- What is needed -
Word for word, reproduce the listing that follows, excluding any pictures it contains.
------------------------------------------------------------------------
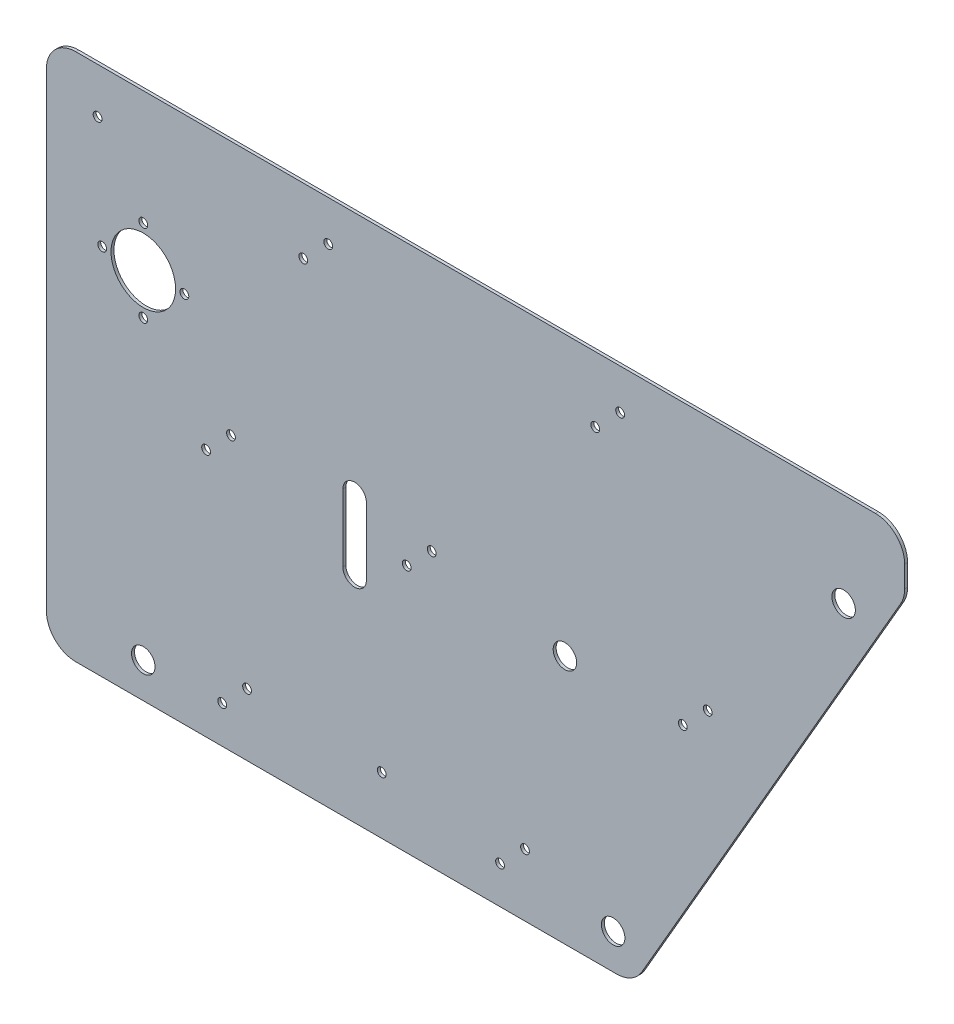
SolidWorks part; units mm, degrees
ref_plane "Front Plane" through (0, 0, 0) normal (0, 0, 1) x (1, 0, 0)
ref_plane "Top Plane" through (0, 0, 0) normal (0, 1, 0) x (1, 0, 0)
ref_plane "Right Plane" through (0, 0, 0) normal (1, 0, 0) x (0, 0, -1)
sketch "Sketch1" plane through (0, 0, 0) normal (0, 0, 1) x (1, 0, 0)
  line L0 (100, 80) -> (192.376, 80)
  line L1 (-100, -80) -> (100, -80)
  line L2 (-100, -80) -> (-100, 80)
  line L3 (-100, 80) -> (100, 80)
  line L4 (100, -80) -> (100, 80)
  line L5 (-100, -80) -> (100, 80) construction
  line L6 (-100, 80) -> (100, -80) construction
  line L7 (192.376, 80) -> (100, -80)
  line L8 (100, 80) -> (100, -80)
  line L10 (-100, 80) -> (192.376, 80)
  line L11 (-100, 80) -> (-100, 100)
  line L12 (-100, 100) -> (192.376, 100)
  line L13 (192.376, 80) -> (192.376, 100)
  point P0 (0, 0)
  dimension "D1" = 160
  dimension "D2" = 200
  dimension "D3" = 30
  dimension "D4" = 20
extrude "Boss-Extrude1" add sketch "Sketch1" along normal blind 1 contours L1 L4 L3 L2 | L7 L0 L4 | L11 L10 L13 L12 region at (0, 0, 0) region at (130.792, 26.6667, 0)
fillet "Fillet1" radius 10 5 edges at (100, -80, 0.5) (-100, -80, 0.5) (192.376, 100, 0.5) (192.376, 80, 0.5) (-100, 100, 0.5)
sketch "Sketch2" plane through (0, 0, 1) normal (0, 0, 1) x (1, 0, 0)
  line L0 (-90, -80) -> (94.2265, -80) construction
  line L1 (191.0363, 77.6795) -> (102.8868, -75) construction
  line L2 (0, -0.55) -> (0, 0.55) construction
  line L3 (-100, -70) -> (-100, 90) construction
  line L4 (5, -6.5) -> (5, 16.5) construction
  line L5 (1, -6.5) -> (1, 16.5)
  line L6 (9, -6.5) -> (9, 16.5)
  line L7 (-90, 100) -> (182.376, 100) construction
  circle A0 centre (93.0718, -68) radius 4
  circle A1 centre (171.5914, 68) radius 4
  circle A2 centre (-67, 47) radius 11
  circle A3 centre (-67, -68) radius 4
  circle A4 centre (-53, 47) radius 1.5
  circle A5 centre (-67, 61) radius 1.5
  circle A6 centre (-81, 47) radius 1.5
  circle A7 centre (-67, 33) radius 1.5
  arc A8 (1, -6.5) -> (9, -6.5) centre (5, -6.5) ccw
  arc A9 (9, 16.5) -> (1, 16.5) centre (5, 16.5) ccw
  circle A10 centre (76.6405, 5) radius 4
  circle A11 centre (54.5495, -67.2426) radius 1.5
  circle A12 centre (63.0348, -58.7574) radius 1.5
  circle A13 centre (14.2259, -60.5) radius 1.5
  circle A14 centre (-40.1271, -67.2426) radius 1.5
  circle A15 centre (-31.6419, -58.7574) radius 1.5
  circle A16 centre (-82.5763, 84.5) radius 1.5
  circle A17 centre (-12.4828, 77.7574) radius 1.5
  circle A18 centre (-3.9975, 86.2426) radius 1.5
  circle A19 centre (86.9654, 77.7574) radius 1.5
  circle A20 centre (95.4507, 86.2426) radius 1.5
  circle A21 centre (22.7626, 4.7574) radius 1.5
  circle A22 centre (31.2479, 13.2426) radius 1.5
  circle A23 centre (-45.6014, 4.7574) radius 1.5
  circle A24 centre (-37.1161, 13.2426) radius 1.5
  circle A25 centre (116.8113, 4.7574) radius 1.5
  circle A26 centre (125.2966, 13.2426) radius 1.5
  point P24 (5, 5)
  point P33 (3.6167, 4.7574)
  point P83 (76.6405, -5)
  dimension "D3" = 8
  dimension "D4" = 8
  dimension "D9" = 22
  dimension "D10" = 8
  dimension "D12" = 3
  dimension "D13" = 3
  dimension "D14" = 3
  dimension "D15" = 3
  dimension "D16" = 14
  dimension "D20" = 4
  dimension "D22" = 8
  dimension "D25" = 3
  dimension "D26" = 3
  dimension "D1" = 12
  dimension "D2" = 12
  dimension "D5" = 32
  dimension "D6" = 12
  dimension "D7" = 53
  dimension "D8" = 33
  dimension "D11" = 12
  dimension "D17" = 14
  dimension "D18" = 14
  dimension "D19" = 14
  dimension "D21" = 23
  dimension "D23" = 95
  dimension "D24" = 95
  dimension "D27" = 5
extrude "Cut-Extrude1" cut sketch "Sketch2" against normal blind 3
------------------------------------------------------------------------
- Task result -
SolidWorks part; units mm, degrees
ref_plane "Front Plane" through (0, 0, 0) normal (0, 0, 1) x (1, 0, 0)
ref_plane "Top Plane" through (0, 0, 0) normal (0, 1, 0) x (1, 0, 0)
ref_plane "Right Plane" through (0, 0, 0) normal (1, 0, 0) x (0, 0, -1)
sketch "Sketch1" plane through (0, 0, 0) normal (0, 0, 1) x (1, 0, 0)
  line L0 (100, 80) -> (192.376, 80)
  line L1 (-100, -80) -> (100, -80)
  line L2 (-100, -80) -> (-100, 80)
  line L3 (-100, 80) -> (100, 80)
  line L4 (100, -80) -> (100, 80)
  line L5 (-100, -80) -> (100, 80) construction
  line L6 (-100, 80) -> (100, -80) construction
  line L7 (192.376, 80) -> (100, -80)
  line L8 (100, 80) -> (100, -80)
  line L10 (-100, 80) -> (192.376, 80)
  line L11 (-100, 80) -> (-100, 100)
  line L12 (-100, 100) -> (192.376, 100)
  line L13 (192.376, 80) -> (192.376, 100)
  point P0 (0, 0)
  dimension "D1" = 160
  dimension "D2" = 200
  dimension "D3" = 30
  dimension "D4" = 20
extrude "Boss-Extrude1" add sketch "Sketch1" along normal blind 1 contours L1 L4 L3 L2 | L7 L0 L4 | L11 L10 L13 L12 region at (0, 0, 0) region at (130.792, 26.6667, 0)
fillet "Fillet1" radius 10 5 edges at (100, -80, 0.5) (-100, -80, 0.5) (192.376, 100, 0.5) (192.376, 80, 0.5) (-100, 100, 0.5)
sketch "Sketch2" plane through (0, 0, 1) normal (0, 0, 1) x (1, 0, 0)
  line L0 (-90, -80) -> (94.2265, -80) construction
  line L1 (191.0363, 77.6795) -> (102.8868, -75) construction
  line L2 (0, -0.55) -> (0, 0.55) construction
  line L3 (-100, -70) -> (-100, 90) construction
  line L4 (5, -6.5) -> (5, 16.5) construction
  line L5 (1, -6.5) -> (1, 16.5)
  line L6 (9, -6.5) -> (9, 16.5)
  line L7 (-90, 100) -> (182.376, 100) construction
  circle A0 centre (93.0718, -68) radius 4
  circle A1 centre (171.5914, 68) radius 4
  circle A2 centre (-67, 47) radius 11
  circle A3 centre (-67, -68) radius 4
  circle A4 centre (-53, 47) radius 1.5
  circle A5 centre (-67, 61) radius 1.5
  circle A6 centre (-81, 47) radius 1.5
  circle A7 centre (-67, 33) radius 1.5
  arc A8 (1, -6.5) -> (9, -6.5) centre (5, -6.5) ccw
  arc A9 (9, 16.5) -> (1, 16.5) centre (5, 16.5) ccw
  circle A10 centre (76.6405, 5) radius 4
  circle A11 centre (54.5495, -67.2426) radius 1.5
  circle A12 centre (63.0348, -58.7574) radius 1.5
  circle A13 centre (14.2259, -60.5) radius 1.5
  circle A14 centre (-40.1271, -67.2426) radius 1.5
  circle A15 centre (-31.6419, -58.7574) radius 1.5
  circle A16 centre (-82.5763, 84.5) radius 1.5
  circle A17 centre (-12.4828, 77.7574) radius 1.5
  circle A18 centre (-3.9975, 86.2426) radius 1.5
  circle A19 centre (86.9654, 77.7574) radius 1.5
  circle A20 centre (95.4507, 86.2426) radius 1.5
  circle A21 centre (22.7626, 4.7574) radius 1.5
  circle A22 centre (31.2479, 13.2426) radius 1.5
  circle A23 centre (-45.6014, 4.7574) radius 1.5
  circle A24 centre (-37.1161, 13.2426) radius 1.5
  circle A25 centre (116.8113, 4.7574) radius 1.5
  circle A26 centre (125.2966, 13.2426) radius 1.5
  point P24 (5, 5)
  point P33 (3.6167, 4.7574)
  point P83 (76.6405, -5)
  dimension "D3" = 8
  dimension "D4" = 8
  dimension "D9" = 22
  dimension "D10" = 8
  dimension "D12" = 3
  dimension "D13" = 3
  dimension "D14" = 3
  dimension "D15" = 3
  dimension "D16" = 14
  dimension "D20" = 4
  dimension "D22" = 8
  dimension "D25" = 3
  dimension "D26" = 3
  dimension "D1" = 12
  dimension "D2" = 12
  dimension "D5" = 32
  dimension "D6" = 12
  dimension "D7" = 53
  dimension "D8" = 33
  dimension "D11" = 12
  dimension "D17" = 14
  dimension "D18" = 14
  dimension "D19" = 14
  dimension "D21" = 23
  dimension "D23" = 95
  dimension "D24" = 95
  dimension "D27" = 5
extrude "Cut-Extrude1" cut sketch "Sketch2" against normal blind 3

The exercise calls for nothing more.